Para mim seria muito difícil se eu nunca mais pudesse receber um comentário amistoso ou gentil. Isso está certo para mim? Claro que não, mas qual seria então a prática? Se eu fosse raptada em algum país não civilizado, trancafiada numa cela, qual seria a prática? Coisas assim tão drásticas não acontecem com a maioria. Entretanto, numa escala menor, os desastres acontecem a te-dos e nossas imagens de como a vida deveria ser são desfeitas como bolhas de sabão. E quando temos uma escolha: encararmos o desastre de frente e torná-lo nossa prática, ou correr mais uma vez, não aprendendo nada, nem crescendo com as dificuldades.
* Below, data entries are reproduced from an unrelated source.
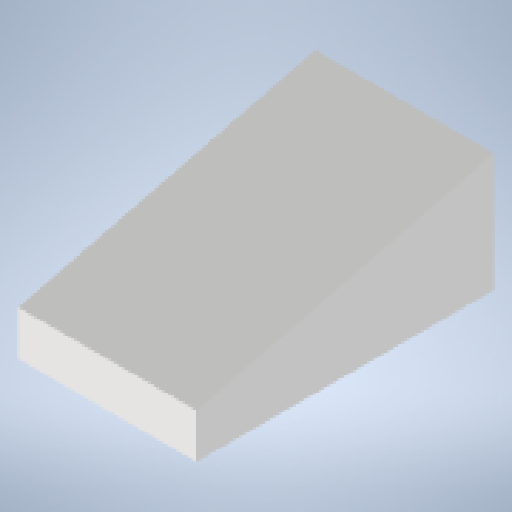
# Autodesk Inventor part: BeltClampNew
Saved by Autodesk Inventor 2023 (Build 270158000, 158)
## iProperties
Created: 2023-09-04
Part Number: BeltClampNew
Material: Generic
Document SubType Name: Modeling
Designer: Felix
Density: 1 g/cm^3
Appearance: Default
Author: Felix
Autodesk Inventor part; units mm, degrees
ref_plane "YZ Plane" through (0, 0, 0) normal (1, 0, 0) x (0, 1, 0)
ref_plane "XZ Plane" through (0, 0, 0) normal (0, 1, 0) x (-1, 0, 0)
ref_plane "XY Plane" through (0, 0, 0) normal (0, 0, 1) x (1, 0, 0)
sketch "Sketch1" plane through (0, 0, 0) normal (1, 0, 0) x (0, 1, 0)
  line L0 (0, 0) -> (0, -20)
  line L1 (0, -20) -> (8, -20)
  line L2 (8, -20) -> (3, 0)
  line L3 (3, 0) -> (0, 0)
  dimension "d0" = 8
  dimension "d1" = 20
  dimension "d11" = 3
  constraints: 8 end point, 2 perpendicular, 1 vertical
  measures "d0" distance of L0.end L1.end
  measures "d1" distance of L0.start L0.end
  measures "d11" distance of L2.end L0.start
extrude "Extrusion1" add sketch "Sketch1" along normal blind 12
sketch "Sketch2" plane through (0, 0, -20) normal (0, 0, -1) x (-1, 0, 0)
  line L0 (0, 0) -> (0, 8) construction
  line L1 (0, 8) -> (-12, 8) construction
  line L2 (-12, 0) -> (-12, 8) construction
  line L3 (0, 0) -> (-12, 0) construction
  line L4 (-12, 8) -> (0, 0) construction
  line L5 (0, 8) -> (-12, 0) construction
  point P0 (0, 0)
  point P1 (-6, 4)
  constraints: 4 end point, 1 midpoint
hole "Hole1" at (6, 4, -20) direction (0, 0, 1) diameter 4.3 depth 7
sketch "Sketch3" plane through (0, 0, 0) normal (-1, 0, 0) x (0, 0, 1)
  line L0 (-20, 0) -> (-20, 8) projected
  line L1 (-20, 8) -> (0, 3) projected
  line L2 (0, 3) -> (0, 0) projected
  line L3 (0, 0) -> (-20, 0) projected
  line L4 (-20, 15) -> (0, 15)
  line L5 (0, 15) -> (0, 5)
  line L6 (0, 5) -> (-20, 13.9197)
  line L7 (-20, 13.9197) -> (-20, 15)
  dimension "d12" = 15
  dimension "d13" = 2
  dimension "d14" = 10
  constraints: 8 end point, 2 vertical alignment, 1 horizontal, 1 parallel, 1 perpendicular
  measures "d12" distance between parallel lines of L3 L4
  measures "d13" distance of L1.end L5.end
  measures "d14" angle of L1 L6
extrude "Extrusion2" add sketch "Sketch3" against normal up to surface (12 mm away) contours L4 L5 L6 L7
sketch "Sketch4" plane through (0, 0, 0) normal (-1, 0, 0) x (0, 0, 1)
  line L0 (-20, 15) -> (-20, 13.9197) projected
  line L1 (0, 0) -> (-20, 0) projected
  line L2 (-20, 15) -> (0, 15)
  line L3 (0, 15) -> (0, 0)
  line L4 (0, 0) -> (-20, 0)
  line L5 (-20, 0) -> (-20, 15)
  constraints: 8 end point, 2 parallel, 1 horizontal, 1 perpendicular
extrude "Extrusion3" add sketch "Sketch4" along normal blind 2
sketch "Sketch5" plane through (12, 0, 0) normal (1, 0, 0) x (0, 0, -1)
  line L0 (0, 0) -> (0, 15) projected
  line L1 (0, 15) -> (20, 15) projected
  line L2 (0, 0) -> (20, 0)
  line L3 (20, 0) -> (20, 15)
  line L4 (20, 15) -> (0, 15)
  line L5 (0, 15) -> (0, 0)
  constraints: 8 end point, 2 parallel, 1 horizontal, 1 perpendicular
extrude "Extrusion4" add sketch "Sketch5" along normal blind 2
fillet "Fillet1" radius 2 2 edges at (-2, 15, -10) (14, 15, -10)
body "Solid1"
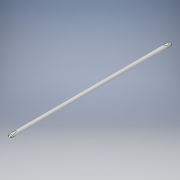
# Autodesk Inventor part: Straight connector
Saved by Autodesk Inventor 2018 (Build 220112000, 112)
## iProperties
Created: 2019-05-31
Part Number: Straight connector
Material: Generic
Document SubType Name: Modeling
Designer: ch1180245
Density: 1 g/cm^3
Appearance: Default
Author: ch1180245
Autodesk Inventor part; units mm, degrees
ref_plane "XZ Plane" through (0, 0, 0) normal (0, 1, 0) x (-1, 0, 0)
sketch "Sketch1" plane through (0, 0, 0) normal (0, 1, 0) x (-1, 0, 0)
  circle A0 centre (0, 0) radius 5
  dimension "d0" = 10
  constraints: 1 centre point, 1 coincident
  measures "d0" diameter of A0
extrude "Extrusion1" add sketch "Sketch1" along normal blind 500
ref_plane "Work Plane1" through (5, 0, 0) normal (1, 0, 0) x (0, 1, 0)
sketch "Sketch2" plane through (5, 0, 0) normal (1, 0, 0) x (0, 1, 0)
  line L0 (500, -5) -> (500, 5) projected
  line L1 (0, 5) -> (0, -5) projected
  line L2 (0, 5) -> (500, 5) projected
  line L3 (0, -5) -> (500, -5) projected
  line L4 (0, 0) -> (0, 1.5)
  line L5 (0, 5) -> (0, -5) projected
  line L6 (0, 0) -> (0, -1.5)
  line L7 (-100, 0) -> (600, 0) projected
  line L8 (0, 1.5) -> (20, 5)
  line L9 (20, 5) -> (20, -5)
  line L10 (20, -5) -> (0, -1.5)
  dimension "d4" = 1.5
  dimension "d5" = 1.5
  dimension "d6" = 20
  constraints: 10 end point, 4 point on line, 1 perpendicular
  measures "d4" distance of L4.end L4.start
  measures "d5" distance of L4.start L6.end
  measures "d6" distance of L1.start L8.end
extrude "Extrusion2" cut sketch "Sketch2" against normal blind 500 contours L3 L1 L10 | L8 L1 L2
sketch "Sketch3" plane through (0, 0, 0) normal (0, 0, 1) x (1, 0, 0)
  point P0 (0, 0)
sketch "Sketch4" plane through (0, 0, 0) normal (0, 0, 1) x (1, 0, 0)
  circle A0 centre (0, 4.565) radius 1
  point P0 (0, 0)
  dimension "d9" = 2
  constraints: 1 centre point
  measures "d9" diameter of A0
extrude "Extrusion3" cut sketch "Sketch4" along normal mid plane 500
ref_plane "Work Plane2" through (0, 250, 0) normal (0, -1, 0) x (1, 0, 0)
mirror "Mirror1" about plane through (0, 250, 0) normal (0, -1, 0) of "Extrusion2", "Extrusion3"
body "Solid1"
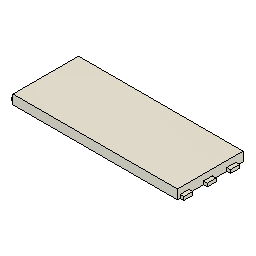
Parametric Centerpiece Template (Autodesk Fusion 360 design; units mm, degrees)
Autodesk Fusion 360 part; units mm, degrees
sketch "Base" plane through (0, 0, 0) normal (0, 1, 0) x (1, 0, 0) in component "DDD Wall Control Center Piece Parametric Template"
  line L0 (87.795, -35) -> (-87.795, -35)
  line L1 (-87.795, -35) -> (-87.795, 35)
  line L2 (-87.795, 35) -> (87.795, 35)
  line L3 (87.795, 35) -> (87.795, -35)
  line L4 (87.795, -35) -> (-87.795, 35) construction
  line L5 (-87.795, -35) -> (87.795, 35) construction
  dimension "d1" = 175.59
  dimension "d2" = 70
  constraint horizontal L0
  constraint perpendicular L0 L1
  constraint parallel L0 L2
  constraint parallel L1 L3
  constraint coincident L4 origin
  constraint coincident L5 origin
  constraint vertical L1
  measures "d1" distance of L1.end L2.end
  measures "d2" distance of L0.end L1.end
extrude "Extrude1" add sketch "Base" along normal blind 10 in component "DDD Wall Control Center Piece Parametric Template"
sketch "Mounting Tab" plane through (0, 0, 0) normal (1, 0, 0) x (0, 0, 1) in component "DDD Wall Control Center Piece Parametric Template"
  line L0 (-17.75, -3.5) -> (-27.25, -3.5)
  line L1 (-27.25, -3.5) -> (-27.25, 0)
  line L2 (-27.25, 0) -> (-17.75, 0)
  line L3 (-17.75, 0) -> (-17.75, -3.5)
  line L4 (-17.75, -3.5) -> (-27.25, 0) construction
  line L5 (-27.25, -3.5) -> (-17.75, 0) construction
  line L6 (1.75, 0) -> (22.5, 0)
  point P0 (-22.5, -1.75)
  dimension "d34" = 9.5
  dimension "d35" = 3.5
  dimension "d147" = 17.75
  constraint horizontal L0
  constraint perpendicular L0 L1
  constraint parallel L0 L2
  constraint parallel L1 L3
  constraint coincident L4 P0
  constraint coincident L5 P0
  constraint collinear L2 L6
  measures "d34" distance of L1.end L2.end
  measures "d35" distance of L0.end L1.end
  measures "d147" horizontal distance of L2.end origin
extrude "Extrude3" add sketch "Mounting Tab" along normal blind 4 from surface at 87.795 in component "DDD Wall Control Center Piece Parametric Template"
extrude "Extrude6" add sketch "Mounting Tab" against normal blind 4 from surface at -87.795 in component "DDD Wall Control Center Piece Parametric Template"
pattern_linear "R-Pattern3" count 1 spacing 0 along (0, -1, 0) count 3 spacing 25 along (0, 0, 1) of "Extrude3", "Extrude6" in component "DDD Wall Control Center Piece Parametric Template"
component "DDD Wall Control Center Piece Parametric Template" placed x (1, 0, 0) y (0, 1, 0) z (0, 0, 1) at (0, 0, 0)
equation "d1 = MMCenterPieceWidth"
equation "d2 = CenterPieceDepth"
equation "CenterPieceWidthUnits = 7" comment "Number of width spaces on the wall control pegboard.  Minimum 1,  maximum 14 for vertical wall control panels,  and 31 for horizonal panels.  Realistically your printer dimensions will determin how big you can make this."
equation "MMCenterPieceWidth = ( CenterPieceWidthUnits * 25.4 mm ) - 2.21 mm" comment "Don't change this.  Change CenterPieceWidthUnits instead.  Final width dimension subtracts 2.21mm from the standard 1\" space between wall control slots to account for the tabs for mouting into the slots"
equation "CenterPieceDepth = 70 mm" comment "Depth measurement from the wall control board extending out into space.  Minimum 17mm to fit at least one mounting tab.  Maximum  ¯\\_(ツ)_/¯"
equation "CenterPieceThickness = 2 mm" comment "Lower measurements make for good shelf-like objects,  taller measurement make for better custom tool holders"
equation "d147 = CenterPieceDepth / 2 - 17.25 mm"
equation "CountMountingTabs = 3" comment "Specify the number of mounting tabs to attach a sidepiece"
equation "d158 = CountMountingTabs"
equation "HowToUse = 0" comment "Insert this into a new design, and then break the link to the original to preserve the template.  Then modify as needed for centerpiece tool holders."
named bodies: "Center Piece Parametric Template"

Para termos uma vida pacífica e produtiva, o que precisamos? Precisamos da habilidade (que aprendemos de forma lenta e contrariada) de sermos a experiência de nossa vida tal como ela é. A maior parte do tempo eu não a quero e suspeito que vocês também não. Porém, é para aprender isso que estamos aqui. E, apesar de surpreendente, estamos aprendendo. Quase todos ficam mais felizes depois de um sesshin. Talvez porque tenha terminado, mas não só por isso. Depois de um sesshin, o simples caminhar por uma rua é uma coisa fantástica. Não o era antes do sesshin, mas depois é. Pode ser que essa vivência não dure muito. Três dias depois já estaremos procurando a próxima solução. No entanto, teremos aprendido algo a respeito do erro deste tipo de busca. Quanto mais tivermos vivenciado a vida em todas as suas manifestações como alguma coisa que sempre está certa, menos seremos motivados a dar-lhe as costas numa busca ilusória de perfeição.